──────── Given data ────────

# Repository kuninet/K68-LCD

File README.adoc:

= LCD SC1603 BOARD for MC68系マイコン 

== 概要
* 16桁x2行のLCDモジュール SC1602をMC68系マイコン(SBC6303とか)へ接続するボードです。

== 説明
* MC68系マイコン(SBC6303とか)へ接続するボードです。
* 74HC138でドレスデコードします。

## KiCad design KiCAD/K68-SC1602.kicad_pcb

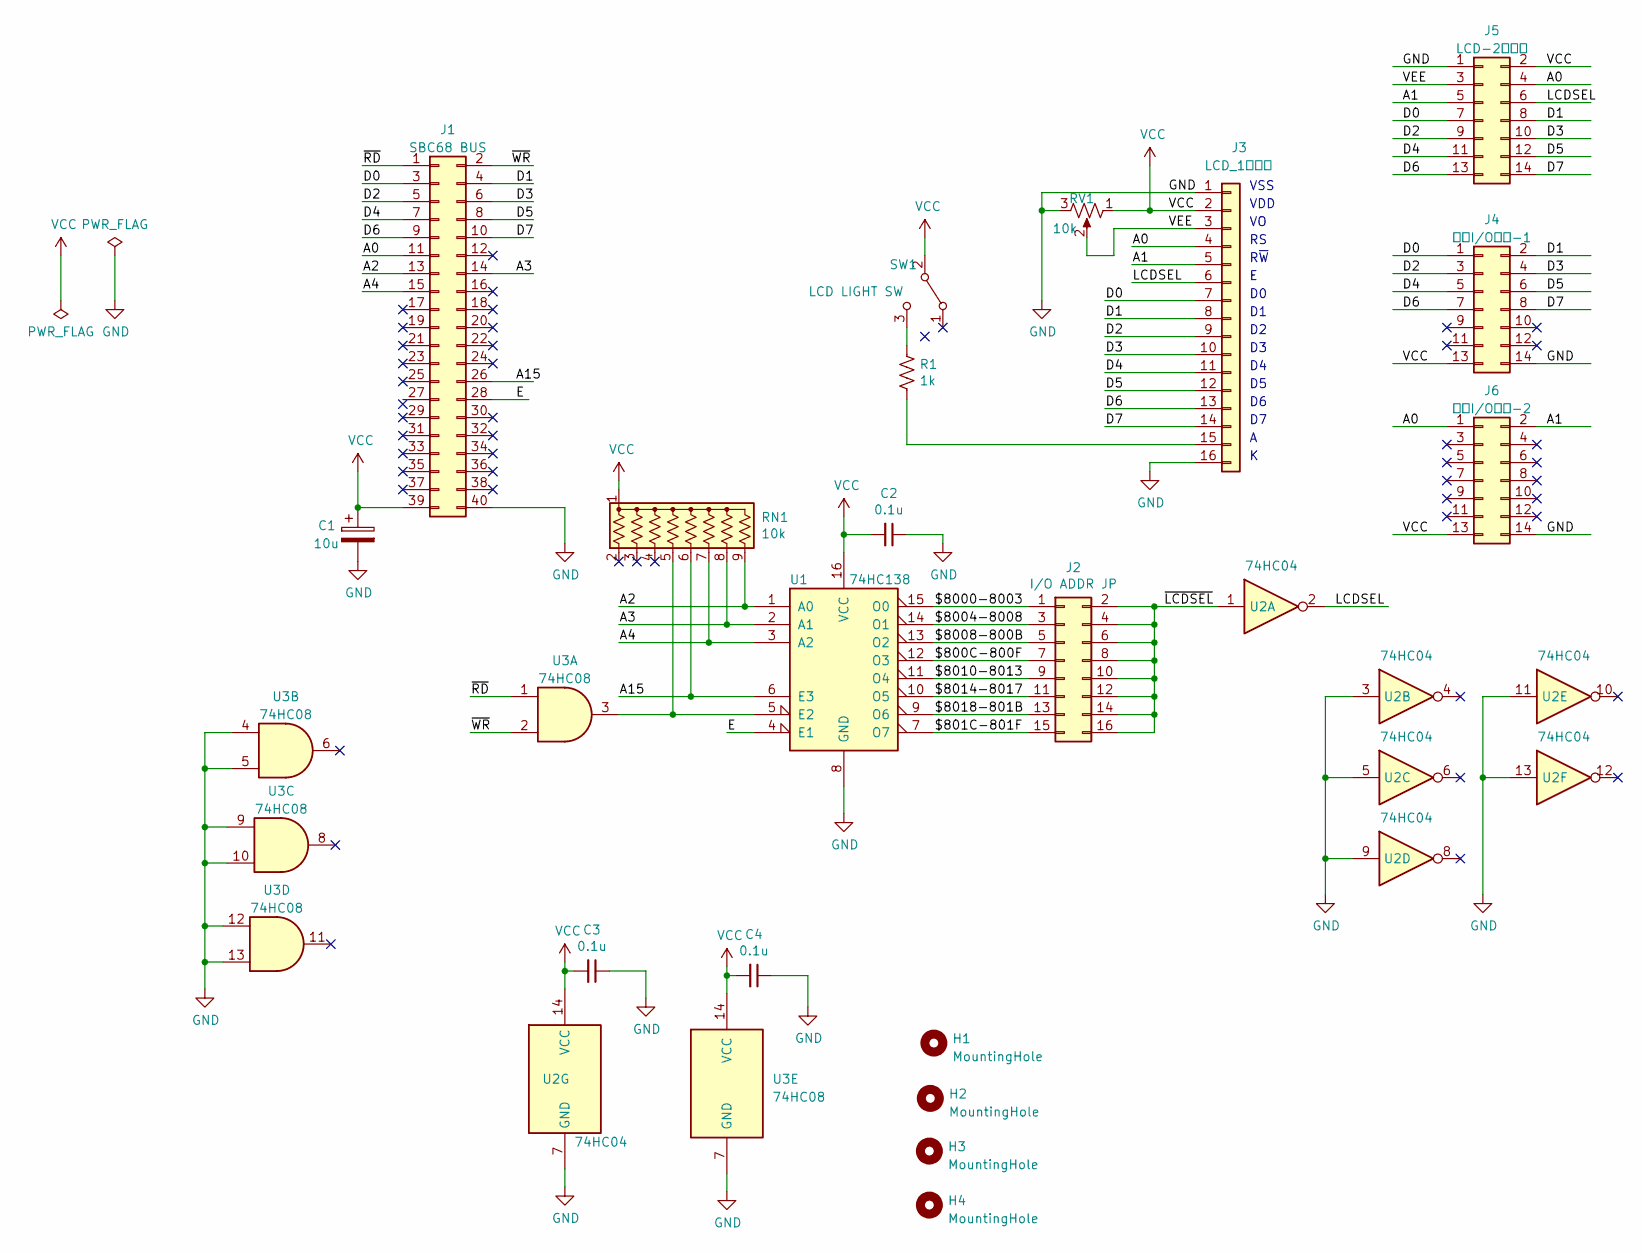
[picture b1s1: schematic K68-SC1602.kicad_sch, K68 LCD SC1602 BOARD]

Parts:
C1: 10u; CP_Radial_D5.0mm_P2.50mm
C2, C3, C4: 0.1u; C_Disc_D3.0mm_W1.6mm_P2.50mm
H1, H2, H3, H4: MountingHole; MountingHole_3.2mm_M3
J1: SBC68 BUS; PinHeader_2x20_P2.54mm_Horizontal
J2: I/O ADDR JP; PinHeader_2x08_P2.54mm_Vertical
J3: LCD_1列端子; PinHeader_1x16_P2.54mm_Vertical
J4: 外部I/O端子-1; PinHeader_2x07_P2.54mm_Vertical
J5: LCD-2列端子; PinHeader_2x07_P2.54mm_Vertical
J6: 外部I/O端子-2; PinHeader_2x07_P2.54mm_Vertical
R1: 1k; R_Axial_DIN0207_L6.3mm_D2.5mm_P10.16mm_Horizontal
RN1: 10k; R_Array_SIP9
RV1: 10k; Potentiometer_Vishay_T73YP_Vertical
SW1: LCD LIGHT SW; PinHeader_1x03_P2.54mm_Vertical
U1: 74HC138; DIP-16_W7.62mm_Socket
U2: 74HC04; DIP-14_W7.62mm_Socket
U3: 74HC08; DIP-14_W7.62mm_Socket

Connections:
/$800C-800F: J2.7, U1.12 (O3)
/$801C-801F: J2.15, U1.7 (O7)
/$8000-8003: J2.1, U1.15 (O0)
/$8004-8008: J2.3, U1.14 (O1)
/$8008-800B: J2.5, U1.13 (O2)
/$8010-8013: J2.9, U1.11 (O4)
/$8014-8017: J2.11, U1.10 (O5)
/$8018-801B: J2.13, U1.9 (O6)
/A0: J1.11, J3.4, J5.4, J6.1
/A1: J3.5, J5.5, J6.2
/A2: J1.13, RN1.9 (R8), U1.1 (A0)
/A3: J1.14, RN1.8 (R7), U1.2 (A1)
/A4: J1.15, RN1.7 (R6), U1.3 (A2)
/A15: J1.26, RN1.6 (R5), U1.6 (E3)
/D0: J1.3, J3.7, J4.1, J5.7
/D1: J1.4, J3.8, J4.2, J5.8
/D2: J1.5, J3.9, J4.3, J5.9
/D3: J1.6, J3.10, J4.4, J5.10
/D4: J1.7, J3.11, J4.5, J5.11
/D5: J1.8, J3.12, J4.6, J5.12
/D6: J1.9, J3.13, J4.7, J5.13
/D7: J1.10, J3.14, J4.8, J5.14
/E: J1.28, U1.4 (E1)
/LCDSEL: J3.6, J5.6, U2.2
/VEE: J3.3, J5.3, RV1.2
/~LCDSEL: J2.2, J2.4, J2.6, J2.8, J2.10, J2.12, J2.14, J2.16, U2.1
/~RD: J1.1, U3.1
/~WR: J1.2, U3.2
GND: C1.2, C2.1, C3.1, C4.1, J1.40, J3.1, J3.16, J4.14, J5.1, J6.14, RV1.3, U1.8 (GND), U2.3, U2.5, U2.7 (GND), U2.9, U2.11, U2.13, U3.4, U3.5, U3.7 (GND), U3.9, U3.10, U3.12, U3.13
unnamed: J3.15, R1.2
unnamed: RN1.5 (R4), U1.5 (E2), U3.3
unnamed: R1.1, SW1.3 (C)
VCC: C1.1, C2.2, C3.2, C4.2, J1.39, J3.2, J4.13, J5.2, J6.13, RN1.1 (common), RV1.1, SW1.2 (B), U1.16 (VCC), U2.14 (VCC), U3.14 (VCC)

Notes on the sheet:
VSS
VDD
R~{W}

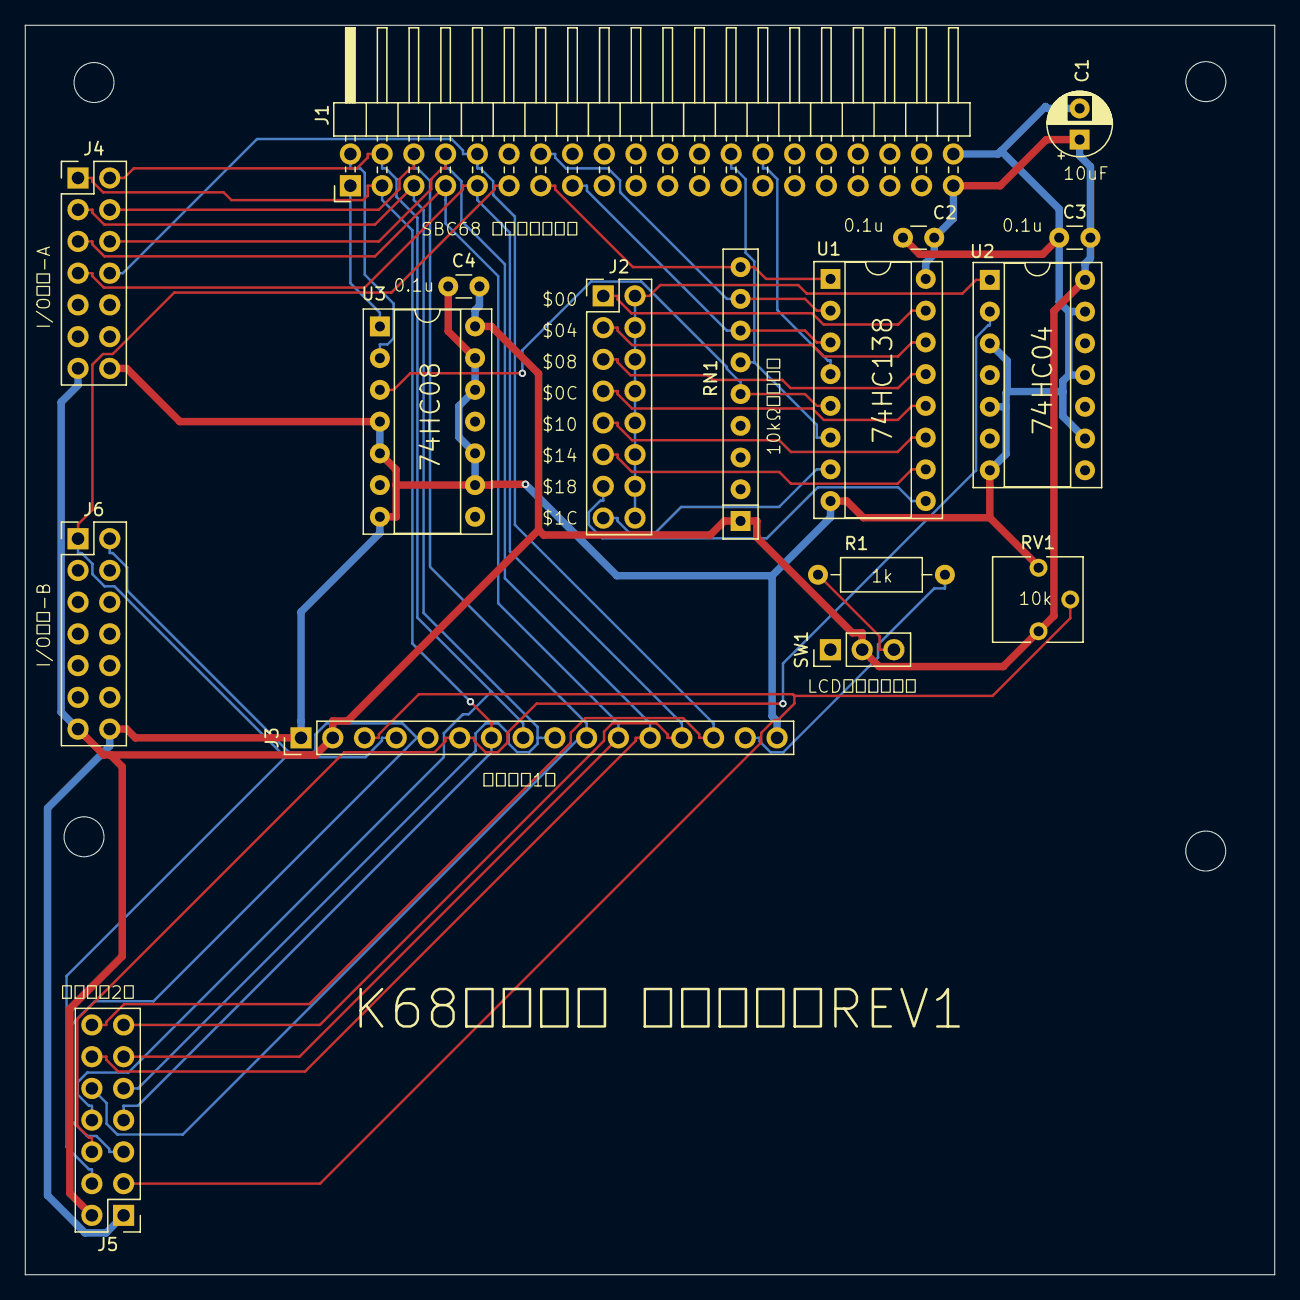
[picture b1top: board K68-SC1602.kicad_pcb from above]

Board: 2 copper layers, 100.0 x 100.0 mm, 21 parts (0 on the bottom side), 33 nets.

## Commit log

2023-03-24 REV1 基板データ ガーバー出力

────────

* [Problem] A faithful copy of all the records is required, with the pictures left out.

* [Response to the task]
# Repository kuninet/K68-LCD

File README.adoc:

= LCD SC1603 BOARD for MC68系マイコン 

== 概要
* 16桁x2行のLCDモジュール SC1602をMC68系マイコン(SBC6303とか)へ接続するボードです。

== 説明
* MC68系マイコン(SBC6303とか)へ接続するボードです。
* 74HC138でドレスデコードします。

## KiCad design KiCAD/K68-SC1602.kicad_pcb

[picture b1s1: schematic K68-SC1602.kicad_sch, K68 LCD SC1602 BOARD]

Parts:
C1: 10u; CP_Radial_D5.0mm_P2.50mm
C2, C3, C4: 0.1u; C_Disc_D3.0mm_W1.6mm_P2.50mm
H1, H2, H3, H4: MountingHole; MountingHole_3.2mm_M3
J1: SBC68 BUS; PinHeader_2x20_P2.54mm_Horizontal
J2: I/O ADDR JP; PinHeader_2x08_P2.54mm_Vertical
J3: LCD_1列端子; PinHeader_1x16_P2.54mm_Vertical
J4: 外部I/O端子-1; PinHeader_2x07_P2.54mm_Vertical
J5: LCD-2列端子; PinHeader_2x07_P2.54mm_Vertical
J6: 外部I/O端子-2; PinHeader_2x07_P2.54mm_Vertical
R1: 1k; R_Axial_DIN0207_L6.3mm_D2.5mm_P10.16mm_Horizontal
RN1: 10k; R_Array_SIP9
RV1: 10k; Potentiometer_Vishay_T73YP_Vertical
SW1: LCD LIGHT SW; PinHeader_1x03_P2.54mm_Vertical
U1: 74HC138; DIP-16_W7.62mm_Socket
U2: 74HC04; DIP-14_W7.62mm_Socket
U3: 74HC08; DIP-14_W7.62mm_Socket

Connections:
/$800C-800F: J2.7, U1.12 (O3)
/$801C-801F: J2.15, U1.7 (O7)
/$8000-8003: J2.1, U1.15 (O0)
/$8004-8008: J2.3, U1.14 (O1)
/$8008-800B: J2.5, U1.13 (O2)
/$8010-8013: J2.9, U1.11 (O4)
/$8014-8017: J2.11, U1.10 (O5)
/$8018-801B: J2.13, U1.9 (O6)
/A0: J1.11, J3.4, J5.4, J6.1
/A1: J3.5, J5.5, J6.2
/A2: J1.13, RN1.9 (R8), U1.1 (A0)
/A3: J1.14, RN1.8 (R7), U1.2 (A1)
/A4: J1.15, RN1.7 (R6), U1.3 (A2)
/A15: J1.26, RN1.6 (R5), U1.6 (E3)
/D0: J1.3, J3.7, J4.1, J5.7
/D1: J1.4, J3.8, J4.2, J5.8
/D2: J1.5, J3.9, J4.3, J5.9
/D3: J1.6, J3.10, J4.4, J5.10
/D4: J1.7, J3.11, J4.5, J5.11
/D5: J1.8, J3.12, J4.6, J5.12
/D6: J1.9, J3.13, J4.7, J5.13
/D7: J1.10, J3.14, J4.8, J5.14
/E: J1.28, U1.4 (E1)
/LCDSEL: J3.6, J5.6, U2.2
/VEE: J3.3, J5.3, RV1.2
/~LCDSEL: J2.2, J2.4, J2.6, J2.8, J2.10, J2.12, J2.14, J2.16, U2.1
/~RD: J1.1, U3.1
/~WR: J1.2, U3.2
GND: C1.2, C2.1, C3.1, C4.1, J1.40, J3.1, J3.16, J4.14, J5.1, J6.14, RV1.3, U1.8 (GND), U2.3, U2.5, U2.7 (GND), U2.9, U2.11, U2.13, U3.4, U3.5, U3.7 (GND), U3.9, U3.10, U3.12, U3.13
unnamed: J3.15, R1.2
unnamed: RN1.5 (R4), U1.5 (E2), U3.3
unnamed: R1.1, SW1.3 (C)
VCC: C1.1, C2.2, C3.2, C4.2, J1.39, J3.2, J4.13, J5.2, J6.13, RN1.1 (common), RV1.1, SW1.2 (B), U1.16 (VCC), U2.14 (VCC), U3.14 (VCC)

Notes on the sheet:
VSS
VDD
R~{W}

[picture b1top: board K68-SC1602.kicad_pcb from above]

Board: 2 copper layers, 100.0 x 100.0 mm, 21 parts (0 on the bottom side), 33 nets.

## Commit log

2023-03-24 REV1 基板データ ガーバー出力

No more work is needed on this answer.